* **Exercise aim**: From the entries that follow, copy exactly the lines beginning at the line holding "Fuzzy Logic Controller/1 ->" and continuing through the line holding "Sum5/1 -> leo cầu thang 1/1(h)".

*** Opening Material to process ***

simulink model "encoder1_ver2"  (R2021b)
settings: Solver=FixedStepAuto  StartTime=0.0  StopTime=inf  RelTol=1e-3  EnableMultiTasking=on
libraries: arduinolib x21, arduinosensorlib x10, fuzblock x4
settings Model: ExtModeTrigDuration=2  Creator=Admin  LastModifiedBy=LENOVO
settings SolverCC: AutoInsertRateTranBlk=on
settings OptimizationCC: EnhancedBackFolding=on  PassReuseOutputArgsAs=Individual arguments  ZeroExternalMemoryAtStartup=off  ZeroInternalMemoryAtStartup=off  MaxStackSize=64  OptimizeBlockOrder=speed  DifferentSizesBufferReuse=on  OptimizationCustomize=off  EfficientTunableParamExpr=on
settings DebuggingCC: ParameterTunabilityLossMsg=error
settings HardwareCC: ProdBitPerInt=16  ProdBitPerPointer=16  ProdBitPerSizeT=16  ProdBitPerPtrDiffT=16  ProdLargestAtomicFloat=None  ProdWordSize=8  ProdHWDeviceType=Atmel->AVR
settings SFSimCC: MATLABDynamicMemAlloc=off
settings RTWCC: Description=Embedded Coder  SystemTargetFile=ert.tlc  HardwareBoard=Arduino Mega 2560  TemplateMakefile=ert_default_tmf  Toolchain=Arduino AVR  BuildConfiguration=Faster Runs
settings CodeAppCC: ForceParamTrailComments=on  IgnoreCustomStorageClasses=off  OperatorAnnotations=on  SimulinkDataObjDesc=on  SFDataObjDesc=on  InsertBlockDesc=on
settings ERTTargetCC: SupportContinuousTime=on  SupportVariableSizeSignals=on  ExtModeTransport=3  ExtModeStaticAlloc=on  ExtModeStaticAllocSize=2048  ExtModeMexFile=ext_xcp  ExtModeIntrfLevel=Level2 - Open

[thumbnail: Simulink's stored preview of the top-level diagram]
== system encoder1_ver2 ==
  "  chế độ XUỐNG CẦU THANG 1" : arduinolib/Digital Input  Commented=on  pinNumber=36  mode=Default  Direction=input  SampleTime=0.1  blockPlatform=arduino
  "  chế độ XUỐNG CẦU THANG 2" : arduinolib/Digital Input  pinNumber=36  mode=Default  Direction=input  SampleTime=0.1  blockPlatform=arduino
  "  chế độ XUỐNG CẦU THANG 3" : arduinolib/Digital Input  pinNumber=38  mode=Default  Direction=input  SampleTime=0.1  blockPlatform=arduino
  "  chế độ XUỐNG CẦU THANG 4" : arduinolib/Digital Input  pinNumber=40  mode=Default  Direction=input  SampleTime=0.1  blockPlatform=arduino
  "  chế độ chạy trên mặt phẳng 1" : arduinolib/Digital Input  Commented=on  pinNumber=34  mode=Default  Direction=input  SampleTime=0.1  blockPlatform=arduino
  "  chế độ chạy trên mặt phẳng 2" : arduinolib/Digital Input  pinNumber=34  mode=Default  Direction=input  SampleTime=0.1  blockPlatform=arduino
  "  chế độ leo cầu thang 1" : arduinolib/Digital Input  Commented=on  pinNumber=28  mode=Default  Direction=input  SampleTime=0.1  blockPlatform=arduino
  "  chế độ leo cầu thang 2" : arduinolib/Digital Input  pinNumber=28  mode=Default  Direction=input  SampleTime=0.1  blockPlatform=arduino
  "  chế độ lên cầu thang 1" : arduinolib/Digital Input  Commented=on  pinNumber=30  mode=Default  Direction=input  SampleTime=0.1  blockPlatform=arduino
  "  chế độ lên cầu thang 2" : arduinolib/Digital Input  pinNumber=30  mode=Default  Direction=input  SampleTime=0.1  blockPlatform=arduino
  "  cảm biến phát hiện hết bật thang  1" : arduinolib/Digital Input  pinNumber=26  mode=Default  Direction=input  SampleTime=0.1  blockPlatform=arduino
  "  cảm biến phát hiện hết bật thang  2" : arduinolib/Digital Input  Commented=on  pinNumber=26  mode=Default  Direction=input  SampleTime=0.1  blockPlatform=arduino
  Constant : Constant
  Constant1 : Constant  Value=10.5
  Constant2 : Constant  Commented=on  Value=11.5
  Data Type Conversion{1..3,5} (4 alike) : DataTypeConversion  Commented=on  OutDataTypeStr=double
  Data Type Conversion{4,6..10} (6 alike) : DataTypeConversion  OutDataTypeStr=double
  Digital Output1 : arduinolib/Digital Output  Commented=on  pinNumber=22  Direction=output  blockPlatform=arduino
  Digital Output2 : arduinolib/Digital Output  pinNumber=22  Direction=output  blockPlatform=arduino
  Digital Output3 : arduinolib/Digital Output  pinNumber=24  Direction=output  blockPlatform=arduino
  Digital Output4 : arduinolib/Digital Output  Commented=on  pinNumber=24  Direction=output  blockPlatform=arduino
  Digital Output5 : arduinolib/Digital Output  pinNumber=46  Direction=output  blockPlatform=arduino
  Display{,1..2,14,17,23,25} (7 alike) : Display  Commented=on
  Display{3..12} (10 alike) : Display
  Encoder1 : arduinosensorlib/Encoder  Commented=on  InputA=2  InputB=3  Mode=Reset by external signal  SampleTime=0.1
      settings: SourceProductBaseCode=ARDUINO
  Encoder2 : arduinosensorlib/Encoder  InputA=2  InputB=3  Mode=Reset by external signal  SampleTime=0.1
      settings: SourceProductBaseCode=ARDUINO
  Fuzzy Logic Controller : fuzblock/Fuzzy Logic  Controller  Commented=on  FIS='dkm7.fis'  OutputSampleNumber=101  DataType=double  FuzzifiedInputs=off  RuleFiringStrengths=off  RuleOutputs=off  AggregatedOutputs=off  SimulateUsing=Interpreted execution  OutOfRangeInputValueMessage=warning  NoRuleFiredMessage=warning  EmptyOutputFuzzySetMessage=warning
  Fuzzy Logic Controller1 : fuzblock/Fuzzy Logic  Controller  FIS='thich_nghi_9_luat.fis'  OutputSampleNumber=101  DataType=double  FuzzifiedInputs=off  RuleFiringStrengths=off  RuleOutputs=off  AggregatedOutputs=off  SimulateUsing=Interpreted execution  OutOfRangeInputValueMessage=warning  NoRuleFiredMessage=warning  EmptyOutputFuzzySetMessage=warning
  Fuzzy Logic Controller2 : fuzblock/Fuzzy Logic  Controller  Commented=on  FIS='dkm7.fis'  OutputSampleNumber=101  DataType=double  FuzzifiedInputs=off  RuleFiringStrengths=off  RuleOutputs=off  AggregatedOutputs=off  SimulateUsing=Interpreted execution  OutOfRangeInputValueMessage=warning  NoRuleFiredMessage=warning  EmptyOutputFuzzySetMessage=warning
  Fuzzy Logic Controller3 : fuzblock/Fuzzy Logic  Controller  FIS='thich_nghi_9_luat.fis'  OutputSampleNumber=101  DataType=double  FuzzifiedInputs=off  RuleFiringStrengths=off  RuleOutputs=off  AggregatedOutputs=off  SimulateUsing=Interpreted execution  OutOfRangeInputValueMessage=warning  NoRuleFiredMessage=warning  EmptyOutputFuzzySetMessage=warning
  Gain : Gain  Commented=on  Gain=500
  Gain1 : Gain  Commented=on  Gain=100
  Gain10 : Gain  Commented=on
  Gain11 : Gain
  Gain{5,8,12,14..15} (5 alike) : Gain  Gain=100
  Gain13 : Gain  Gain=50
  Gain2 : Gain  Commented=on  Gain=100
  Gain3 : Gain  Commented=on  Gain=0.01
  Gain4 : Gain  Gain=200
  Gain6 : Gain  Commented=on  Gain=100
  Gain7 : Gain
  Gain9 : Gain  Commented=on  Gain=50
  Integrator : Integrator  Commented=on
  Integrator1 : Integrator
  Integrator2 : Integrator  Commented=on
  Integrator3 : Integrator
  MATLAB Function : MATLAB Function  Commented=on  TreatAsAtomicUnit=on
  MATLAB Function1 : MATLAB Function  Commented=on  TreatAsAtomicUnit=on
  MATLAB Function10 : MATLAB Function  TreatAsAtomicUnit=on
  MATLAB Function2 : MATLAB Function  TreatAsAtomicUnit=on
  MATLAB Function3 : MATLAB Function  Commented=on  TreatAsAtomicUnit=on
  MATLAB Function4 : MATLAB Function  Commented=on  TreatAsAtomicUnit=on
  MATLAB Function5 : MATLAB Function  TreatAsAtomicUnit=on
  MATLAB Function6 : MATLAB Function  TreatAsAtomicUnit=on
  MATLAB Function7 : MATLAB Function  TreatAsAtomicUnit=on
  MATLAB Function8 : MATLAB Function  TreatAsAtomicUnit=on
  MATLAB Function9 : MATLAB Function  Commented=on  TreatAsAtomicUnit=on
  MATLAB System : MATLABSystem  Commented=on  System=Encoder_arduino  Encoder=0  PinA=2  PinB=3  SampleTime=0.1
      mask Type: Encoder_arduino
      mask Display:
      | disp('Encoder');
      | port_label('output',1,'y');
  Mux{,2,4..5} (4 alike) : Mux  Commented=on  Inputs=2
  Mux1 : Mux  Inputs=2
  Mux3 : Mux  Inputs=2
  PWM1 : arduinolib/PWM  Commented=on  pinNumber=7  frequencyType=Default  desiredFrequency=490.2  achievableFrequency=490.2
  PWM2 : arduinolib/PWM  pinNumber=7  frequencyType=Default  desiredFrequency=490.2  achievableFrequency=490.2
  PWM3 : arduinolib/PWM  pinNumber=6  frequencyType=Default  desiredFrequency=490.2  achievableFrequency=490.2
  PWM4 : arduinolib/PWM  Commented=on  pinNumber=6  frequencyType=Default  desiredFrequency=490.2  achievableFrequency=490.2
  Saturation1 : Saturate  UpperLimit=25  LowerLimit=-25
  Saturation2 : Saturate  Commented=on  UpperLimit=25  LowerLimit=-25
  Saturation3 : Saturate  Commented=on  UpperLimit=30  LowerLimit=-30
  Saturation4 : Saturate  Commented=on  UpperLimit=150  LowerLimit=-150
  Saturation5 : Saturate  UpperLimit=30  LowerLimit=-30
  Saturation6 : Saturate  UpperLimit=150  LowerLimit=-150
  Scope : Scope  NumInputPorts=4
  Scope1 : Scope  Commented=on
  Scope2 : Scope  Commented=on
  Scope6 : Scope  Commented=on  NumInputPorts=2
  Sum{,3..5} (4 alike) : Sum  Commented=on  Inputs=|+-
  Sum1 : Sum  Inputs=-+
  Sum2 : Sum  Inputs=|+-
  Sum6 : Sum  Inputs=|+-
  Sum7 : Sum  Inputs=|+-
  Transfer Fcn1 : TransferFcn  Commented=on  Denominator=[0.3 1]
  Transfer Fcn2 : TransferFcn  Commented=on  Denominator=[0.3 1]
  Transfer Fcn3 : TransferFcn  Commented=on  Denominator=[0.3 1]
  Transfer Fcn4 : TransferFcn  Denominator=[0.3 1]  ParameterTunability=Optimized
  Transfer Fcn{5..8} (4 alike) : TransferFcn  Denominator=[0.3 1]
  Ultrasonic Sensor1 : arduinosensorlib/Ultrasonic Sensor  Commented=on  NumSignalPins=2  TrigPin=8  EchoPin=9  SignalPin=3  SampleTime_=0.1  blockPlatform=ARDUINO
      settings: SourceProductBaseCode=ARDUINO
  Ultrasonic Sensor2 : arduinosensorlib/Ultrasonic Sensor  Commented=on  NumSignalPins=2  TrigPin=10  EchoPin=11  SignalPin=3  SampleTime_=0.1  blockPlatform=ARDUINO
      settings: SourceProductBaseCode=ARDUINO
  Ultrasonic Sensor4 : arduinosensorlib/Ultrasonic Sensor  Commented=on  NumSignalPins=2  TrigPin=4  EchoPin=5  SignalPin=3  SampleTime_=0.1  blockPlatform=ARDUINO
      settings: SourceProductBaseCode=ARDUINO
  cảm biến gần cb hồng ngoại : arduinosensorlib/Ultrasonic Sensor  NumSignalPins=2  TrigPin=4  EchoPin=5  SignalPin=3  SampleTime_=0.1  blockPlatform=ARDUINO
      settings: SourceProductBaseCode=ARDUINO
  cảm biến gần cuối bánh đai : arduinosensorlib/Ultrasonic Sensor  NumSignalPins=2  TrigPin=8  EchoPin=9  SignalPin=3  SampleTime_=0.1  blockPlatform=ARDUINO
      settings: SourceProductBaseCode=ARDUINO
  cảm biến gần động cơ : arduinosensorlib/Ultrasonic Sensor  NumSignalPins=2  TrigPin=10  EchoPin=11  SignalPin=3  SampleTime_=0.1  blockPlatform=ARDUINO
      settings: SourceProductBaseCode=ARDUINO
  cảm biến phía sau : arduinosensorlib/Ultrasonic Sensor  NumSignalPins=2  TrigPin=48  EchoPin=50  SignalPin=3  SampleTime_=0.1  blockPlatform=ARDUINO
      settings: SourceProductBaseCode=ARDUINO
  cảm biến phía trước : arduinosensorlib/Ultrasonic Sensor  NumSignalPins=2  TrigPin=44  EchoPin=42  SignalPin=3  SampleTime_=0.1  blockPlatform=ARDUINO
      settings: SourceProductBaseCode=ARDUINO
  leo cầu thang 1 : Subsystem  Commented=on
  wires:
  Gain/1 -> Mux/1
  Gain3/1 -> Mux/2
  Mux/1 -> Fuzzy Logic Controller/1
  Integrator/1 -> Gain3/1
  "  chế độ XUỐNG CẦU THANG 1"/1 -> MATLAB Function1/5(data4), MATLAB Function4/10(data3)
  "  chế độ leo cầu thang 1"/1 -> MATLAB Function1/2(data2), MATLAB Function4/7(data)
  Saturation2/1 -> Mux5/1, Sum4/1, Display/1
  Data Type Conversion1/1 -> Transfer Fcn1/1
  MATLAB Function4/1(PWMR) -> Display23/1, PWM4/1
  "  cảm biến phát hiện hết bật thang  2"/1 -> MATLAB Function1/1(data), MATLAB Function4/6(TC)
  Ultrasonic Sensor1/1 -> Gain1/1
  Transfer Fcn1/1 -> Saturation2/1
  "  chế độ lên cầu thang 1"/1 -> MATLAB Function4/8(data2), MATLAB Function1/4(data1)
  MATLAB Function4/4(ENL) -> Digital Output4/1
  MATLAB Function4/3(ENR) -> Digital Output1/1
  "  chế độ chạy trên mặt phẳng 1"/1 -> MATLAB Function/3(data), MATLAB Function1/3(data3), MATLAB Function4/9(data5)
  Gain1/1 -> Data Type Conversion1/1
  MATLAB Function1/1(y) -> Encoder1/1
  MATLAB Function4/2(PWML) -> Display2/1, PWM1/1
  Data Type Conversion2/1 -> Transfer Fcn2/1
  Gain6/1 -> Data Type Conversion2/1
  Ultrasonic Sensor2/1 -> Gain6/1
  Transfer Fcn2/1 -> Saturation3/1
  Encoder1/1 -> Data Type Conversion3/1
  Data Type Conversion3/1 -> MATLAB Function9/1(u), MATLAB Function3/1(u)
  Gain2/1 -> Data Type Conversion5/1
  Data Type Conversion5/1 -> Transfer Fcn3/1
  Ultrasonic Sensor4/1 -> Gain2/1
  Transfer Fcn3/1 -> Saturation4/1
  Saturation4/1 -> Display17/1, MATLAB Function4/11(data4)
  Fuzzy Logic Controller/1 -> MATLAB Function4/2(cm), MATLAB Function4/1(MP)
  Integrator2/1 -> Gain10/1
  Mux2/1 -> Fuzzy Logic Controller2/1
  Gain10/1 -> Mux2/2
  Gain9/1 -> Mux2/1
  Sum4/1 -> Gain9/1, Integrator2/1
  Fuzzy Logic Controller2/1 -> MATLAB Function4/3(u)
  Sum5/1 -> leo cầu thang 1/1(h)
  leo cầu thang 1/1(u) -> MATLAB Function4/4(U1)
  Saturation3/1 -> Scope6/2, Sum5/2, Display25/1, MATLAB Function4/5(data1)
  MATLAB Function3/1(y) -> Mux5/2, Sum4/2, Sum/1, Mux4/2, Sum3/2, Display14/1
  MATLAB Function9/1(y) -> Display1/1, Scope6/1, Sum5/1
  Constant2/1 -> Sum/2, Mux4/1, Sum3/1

*** Closing Material to process ***

* **Output for this task**:
  Fuzzy Logic Controller/1 -> MATLAB Function4/2(cm), MATLAB Function4/1(MP)
  Integrator2/1 -> Gain10/1
  Mux2/1 -> Fuzzy Logic Controller2/1
  Gain10/1 -> Mux2/2
  Gain9/1 -> Mux2/1
  Sum4/1 -> Gain9/1, Integrator2/1
  Fuzzy Logic Controller2/1 -> MATLAB Function4/3(u)
  Sum5/1 -> leo cầu thang 1/1(h)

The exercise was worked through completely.